TASK DESCRIPTION:
Read the data below line by line and copy each one with "size" in it.

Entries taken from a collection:
------------------------------------------------------------------------
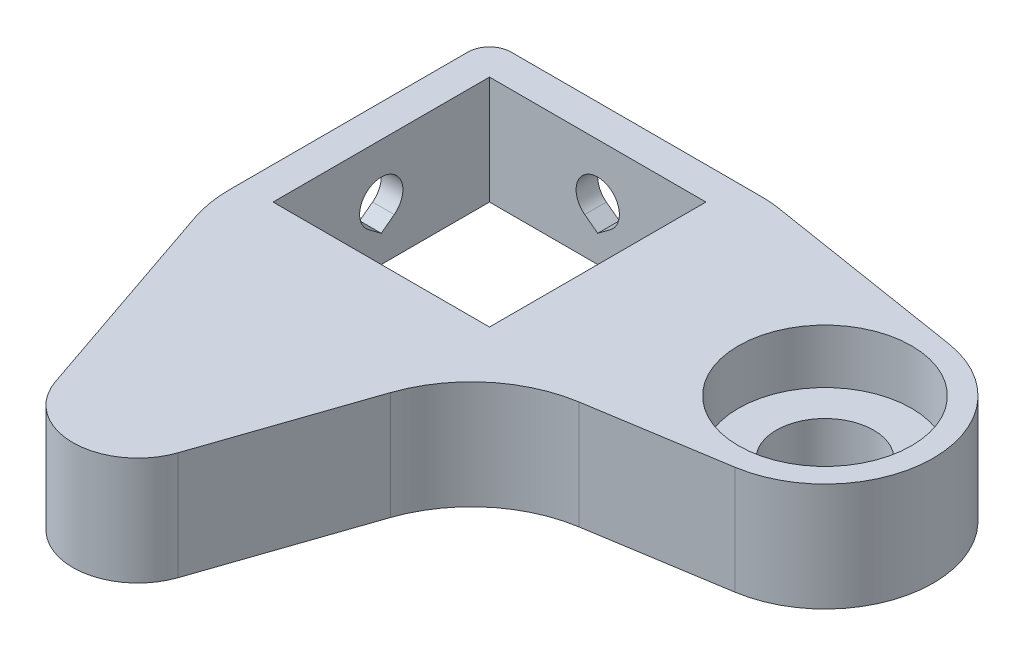
SolidWorks part; units mm, degrees
ref_plane "Front Plane" through (0, 0, 0) normal (0, 0, 1) x (1, 0, 0)
ref_plane "Top Plane" through (0, 0, 0) normal (0, 1, 0) x (1, 0, 0)
ref_plane "Right Plane" through (0, 0, 0) normal (1, 0, 0) x (0, 0, -1)
sketch "Sketch1" plane through (0, 0, 0) normal (0, 1, 0) x (1, 0, 0)
  line L0 (20, 0) -> (41, -10) construction
  line L1 (10, -42.5) -> (0, -20) construction
  line L2 (41, -10) -> (20, -20) construction
  line L3 (0, 0) -> (0, -20) construction
  line L4 (0, 0) -> (20, -20) construction
  line L5 (23.9399, 2.85) -> (42.5764, -0.125)
  line L12 (-3, -23) -> (23, -23) construction
  line L13 (0, 0) -> (20, 0) construction
  line L14 (0, 0) -> (0, -20) construction
  line L15 (0, -20) -> (20, -20) construction
  line L16 (20, 0) -> (20, -20) construction
  line L17 (10, -42.5) -> (20, -20) construction
  line L18 (-3, -21.0074) -> (-3, 1)
  line L19 (-1, 3) -> (22.0482, 3)
  line L20 (23, -23) -> (23, 3) construction
  line L21 (-3, -23) -> (23, 3) construction
  line L22 (-3, 3) -> (23, -23) construction
  line L23 (0, -20) -> (20, -20)
  line L24 (0, -20) -> (0, 0)
  line L25 (0, 0) -> (20, 0)
  line L26 (20, -20) -> (20, 0)
  line L27 (0, -20) -> (20, 0) construction
  line L28 (0, 0) -> (20, -20) construction
  line L29 (30.1306, -21.8617) -> (42.5764, -19.875)
  line L30 (20.6662, -29.8333) -> (15.678, -44.4392)
  line L31 (-2.356, -24.8857) -> (4.322, -44.4392)
  circle A4 centre (10, -42.5) radius 4 construction
  circle A5 centre (41, -10) radius 4 construction
  arc A6 (-3, 1) -> (-1, 3) centre (-1, 1) cw
  circle A7 centre (41, -10) radius 8 construction
  arc A8 (42.5764, -19.875) -> (42.5764, -0.125) centre (41, -10) ccw
  arc A9 (4.322, -44.4392) -> (15.678, -44.4392) centre (10, -42.5) ccw
  arc A10 (30.1306, -21.8617) -> (20.6662, -29.8333) centre (32.0222, -33.7117) ccw
  arc A11 (23.9399, 2.85) -> (22.0482, 3) centre (22.0482, -9) ccw
  arc A12 (-3, -21.0074) -> (-2.356, -24.8857) centre (9, -21.0074) ccw
  point P0 (10, -10)
  point P10 (10, -10)
  dimension "D6" = 8
  dimension "D7" = 16
  dimension "D8" = 20
  dimension "D9" = 12
  dimension "D10" = 12
  dimension "D11" = 12
  dimension "D5" = 2
  dimension "D2" = 20
  dimension "D3" = 3
  dimension "D4" = 42.5
  dimension "D12" = 20
  dimension "D13" = 41
extrude "Boss-Extrude1" add sketch "Sketch1" along normal blind 10
ref_plane "Plane1" through (0, 5, 0) normal (0, 1, 0) x (1, 0, 0)
sketch "Sketch2" plane through (0, 5, 0) normal (0, 1, 0) x (1, 0, 0)
  line L0 (20, 0) -> (41, -10) construction
  line L1 (10, -42.5) -> (0, -20) construction
  line L2 (41, -10) -> (20, -20) construction
  line L3 (0, 0) -> (0, -20) construction
  line L4 (0, 0) -> (20, -20) construction
  line L5 (23.9399, 2.85) -> (42.5764, -0.125) construction
  line L6 (-3, -23) -> (23, -23) construction
  line L7 (0, 0) -> (20, 0) construction
  line L8 (0, 0) -> (0, -20) construction
  line L9 (0, -20) -> (20, -20) construction
  line L10 (20, 0) -> (20, -20) construction
  line L11 (10, -42.5) -> (20, -20) construction
  line L12 (-3, -21.0074) -> (-3, 1) construction
  line L13 (-1, 3) -> (22.0482, 3) construction
  line L14 (23, -23) -> (23, 3) construction
  line L15 (-3, -23) -> (23, 3) construction
  line L16 (-3, 3) -> (23, -23) construction
  line L17 (0, -20) -> (20, -20) construction
  line L18 (0, -20) -> (0, 0) construction
  line L19 (0, 0) -> (20, 0) construction
  line L20 (20, -20) -> (20, 0) construction
  line L21 (0, -20) -> (20, 0) construction
  line L22 (0, 0) -> (20, -20) construction
  line L23 (30.1306, -21.8617) -> (42.5764, -19.875) construction
  line L24 (20.6662, -29.8333) -> (15.678, -44.4392) construction
  line L25 (-2.356, -24.8857) -> (4.322, -44.4392) construction
  circle A0 centre (10, -42.5) radius 4 construction
  circle A1 centre (41, -10) radius 4 construction
  arc A2 (-3, 1) -> (-1, 3) centre (-1, 1) cw construction
  circle A3 centre (41, -10) radius 8
  arc A4 (42.5764, -19.875) -> (42.5764, -0.125) centre (41, -10) ccw construction
  arc A5 (4.322, -44.4392) -> (15.678, -44.4392) centre (10, -42.5) ccw construction
  arc A6 (30.1306, -21.8617) -> (20.6662, -29.8333) centre (32.0222, -33.7117) ccw construction
  arc A7 (23.9399, 2.85) -> (22.0482, 3) centre (22.0482, -9) ccw construction
  arc A8 (-3, -21.0074) -> (-2.356, -24.8857) centre (9, -21.0074) ccw construction
  point P0 (10, -10)
  point P10 (10, -10)
  dimension "D2" = 8
  dimension "D7" = 2
  dimension "D8" = 16
  dimension "D9" = 20
  dimension "D10" = 12
  dimension "D11" = 12
  dimension "D12" = 12
  dimension "D1" = 20
  dimension "D3" = 20
  dimension "D4" = 41
  dimension "D5" = 42.5
  dimension "D6" = 3
extrude "Cut-Extrude2" cut sketch "Sketch2" along normal blind 46
sketch "Sketch3" plane through (0, 5, 0) normal (0, 1, 0) x (1, 0, 0)
  line L0 (20, 0) -> (41, -10) construction
  line L1 (10, -42.5) -> (0, -20) construction
  line L2 (41, -10) -> (20, -20) construction
  line L3 (0, 0) -> (0, -20) construction
  line L4 (0, 0) -> (20, -20) construction
  line L5 (23.9399, 2.85) -> (42.5764, -0.125) construction
  line L6 (-3, -23) -> (23, -23) construction
  line L7 (0, 0) -> (20, 0) construction
  line L8 (0, 0) -> (0, -20) construction
  line L9 (0, -20) -> (20, -20) construction
  line L10 (20, 0) -> (20, -20) construction
  line L11 (10, -42.5) -> (20, -20) construction
  line L12 (-3, -21.0074) -> (-3, 1) construction
  line L13 (-1, 3) -> (22.0482, 3) construction
  line L14 (23, -23) -> (23, 3) construction
  line L15 (-3, -23) -> (23, 3) construction
  line L16 (-3, 3) -> (23, -23) construction
  line L17 (0, -20) -> (20, -20) construction
  line L18 (0, -20) -> (0, 0) construction
  line L19 (0, 0) -> (20, 0) construction
  line L20 (20, -20) -> (20, 0) construction
  line L21 (0, -20) -> (20, 0) construction
  line L22 (0, 0) -> (20, -20) construction
  line L23 (30.1306, -21.8617) -> (42.5764, -19.875) construction
  line L24 (20.6662, -29.8333) -> (15.678, -44.4392) construction
  line L25 (-2.356, -24.8857) -> (4.322, -44.4392) construction
  circle A0 centre (10, -42.5) radius 4
  circle A1 centre (41, -10) radius 4.5
  arc A2 (-3, 1) -> (-1, 3) centre (-1, 1) cw construction
  circle A3 centre (41, -10) radius 8 construction
  arc A4 (42.5764, -19.875) -> (42.5764, -0.125) centre (41, -10) ccw construction
  arc A5 (4.322, -44.4392) -> (15.678, -44.4392) centre (10, -42.5) ccw construction
  arc A6 (30.1306, -21.8617) -> (20.6662, -29.8333) centre (32.0222, -33.7117) ccw construction
  arc A7 (23.9399, 2.85) -> (22.0482, 3) centre (22.0482, -9) ccw construction
  arc A8 (-3, -21.0074) -> (-2.356, -24.8857) centre (9, -21.0074) ccw construction
  point P0 (10, -10)
  point P10 (10, -10)
  dimension "D2" = 8
  dimension "D7" = 2
  dimension "D8" = 16
  dimension "D9" = 20
  dimension "D10" = 12
  dimension "D11" = 12
  dimension "D12" = 12
  dimension "D13" = 9
  dimension "D1" = 20
  dimension "D3" = 20
  dimension "D4" = 41
  dimension "D5" = 42.5
  dimension "D6" = 3
extrude "Cut-Extrude3" cut sketch "Sketch3" against normal blind 10
sketch "Sketch4" plane through (0, 0, -3) normal (0, 0, -1) x (-1, 0, 0)
  line L0 (-20, 10) -> (0, 0) construction
  line L1 (-22.0482, 10) -> (1, 10) construction
  line L2 (-22.0482, 0) -> (1, 0) construction
  line L3 (0, 10) -> (0, 0) construction
  line L4 (-20, 10) -> (-20, 0) construction
sketch "Sketch5" plane through (-3, 0, 0) normal (-1, 0, 0) x (0, 0, 1)
  line L0 (0, 10) -> (20, 0) construction
  line L1 (-1, 10) -> (21.0074, 10) construction
  line L2 (-1, 0) -> (21.0074, 0) construction
  line L3 (0, 10) -> (0, 0) construction
  line L4 (20, 10) -> (20, 0) construction
  point P12 (10, 5)
hole_wizard "CBORE for M5 Hex Head Bolt1" positions "Sketch5" profile "Sketch6" counterbore size "M5" standard "ANSI Metric"
sketch "Sketch6" plane through (-3, 5, 10) normal (0, 1, 0) x (0, 0, 1)
  line L0 (0, 0) -> (0, 10)
  line L1 (0, 10) -> (2, 10)
  line L2 (2, 10) -> (2, 1)
  line L3 (2, 1) -> (3.5, 1)
  line L4 (3.5, 1) -> (3.5, 0)
  line L5 (3.5, 0) -> (0, 0)
  line L10 (0, 10) -> (-2, 10) construction
  line L11 (0, -6.35) -> (0, 107.95) construction
  dimension "Hole Dia." = 4
  dimension "Hole Depth" = 10
  dimension "C'Bore Dia." = 7
  dimension "C'Bore Depth" = 1
  dimension "Drill Angle" = 180
sketch "Sketch7" plane through (0, 0, -3) normal (0, 0, -1) x (-1, 0, 0)
  line L0 (-20, 10) -> (0, 0) construction
  point P0 (-10, 5)
hole_wizard "CBORE for M5 Hex Head Bolt2" positions "Sketch7" profile "Sketch8" counterbore size "M5" standard "ANSI Metric"
sketch "Sketch8" plane through (10, 5, -3) normal (1, 0, 0) x (0, 1, 0)
  line L0 (0, 0) -> (0, 10)
  line L1 (0, 10) -> (2, 10)
  line L2 (2, 10) -> (2, 1)
  line L3 (2, 1) -> (3.5, 1)
  line L4 (3.5, 1) -> (3.5, 0)
  line L5 (3.5, 0) -> (0, 0)
  line L10 (0, 10) -> (-2, 10) construction
  line L11 (0, -6.35) -> (0, 107.95) construction
  dimension "Hole Dia." = 4
  dimension "Hole Depth" = 10
  dimension "C'Bore Dia." = 7
  dimension "C'Bore Depth" = 1
  dimension "Drill Angle" = 180
sketch "Sketch9" plane through (0, 0, -2) normal (0, 0, -1) x (-1, 0, 0)
  line L0 (-20, 10) -> (0, 0) construction
  line L1 (-10, 5) -> (-10, 2.5) construction
  line L2 (-10, 2.5) -> (-8.8, 3.4)
  line L3 (-8.8, 3.4) -> (-11.2, 3.4)
  line L4 (-11.2, 3.4) -> (-10, 2.5)
  circle A0 centre (-10, 5) radius 2 construction
  point P0 (-10, 5)
  dimension "D1" = 2.5
extrude "Cut-Extrude4" cut sketch "Sketch9" against normal up to surface (2 mm away) up to face at (12, 5, 0)
sketch "Sketch10" plane through (0, 0, -2) normal (0, 0, -1) x (-1, 0, 0)
  line L0 (-10, 5) -> (-10, 0.5) construction
  line L1 (-10, 0.5) -> (-7.8001, 2.2778)
  line L2 (-7.8001, 2.2778) -> (-12.1999, 2.2778)
  line L3 (-12.1999, 2.2778) -> (-10, 0.5)
  circle A0 centre (-10, 5) radius 3.5 construction
  circle A1 centre (-10, 5) radius 3.5 construction
  point P0 (-10, 5)
  dimension "D1" = 4.5
extrude "Cut-Extrude5" cut sketch "Sketch10" along normal up to surface (1 mm away) up to face at (6.5, 5, -3)
sketch "Sketch11" plane through (-2, 0, 0) normal (-1, 0, 0) x (0, 0, 1)
  line L1 (10, 5) -> (10, 2.5) construction
  line L2 (10, 2.5) -> (11.2, 3.4)
  line L3 (11.2, 3.4) -> (8.8, 3.4)
  line L4 (8.8, 3.4) -> (10, 2.5)
  line L5 (39.7112, 5) -> (-39.7112, 5) construction
  circle A1 centre (10, 5) radius 2 construction
  point P2 (0, 0)
  point P3 (0, 0)
  point P6 (10, 5)
  point P7 (0, 0)
  point P12 (0, 0)
  point P13 (0, 0)
  point P14 (0, 0)
  point P15 (10.1947, 5.2542)
  point P16 (0, 0)
  point P17 (10, 4.548)
  point P18 (0, 0)
  dimension "D1" = 2.5
extrude "Cut-Extrude6" cut sketch "Sketch11" against normal up to surface (2 mm away) up to face at (0, 5, 8)
sketch "Sketch13" plane through (-2, 0, 0) normal (-1, 0, 0) x (0, 0, 1)
  line L0 (10, 5) -> (10, 0.5) construction
  line L1 (10, 0.5) -> (7.8001, 2.2778)
  line L2 (7.8001, 2.2778) -> (12.1999, 2.2778)
  line L3 (12.1999, 2.2778) -> (10, 0.5)
  circle A0 centre (10, 5) radius 3.5 construction
  circle A1 centre (10, 5) radius 3.5 construction
  point P0 (10, 5)
  dimension "D1" = 4.5
extrude "Cut-Extrude7" cut sketch "Sketch13" against normal up to surface (1 mm away)
------------------------------------------------------------------------
WRITTEN ANSWER:
hole_wizard "CBORE for M5 Hex Head Bolt1" positions "Sketch5" profile "Sketch6" counterbore size "M5" standard "ANSI Metric"
hole_wizard "CBORE for M5 Hex Head Bolt2" positions "Sketch7" profile "Sketch8" counterbore size "M5" standard "ANSI Metric"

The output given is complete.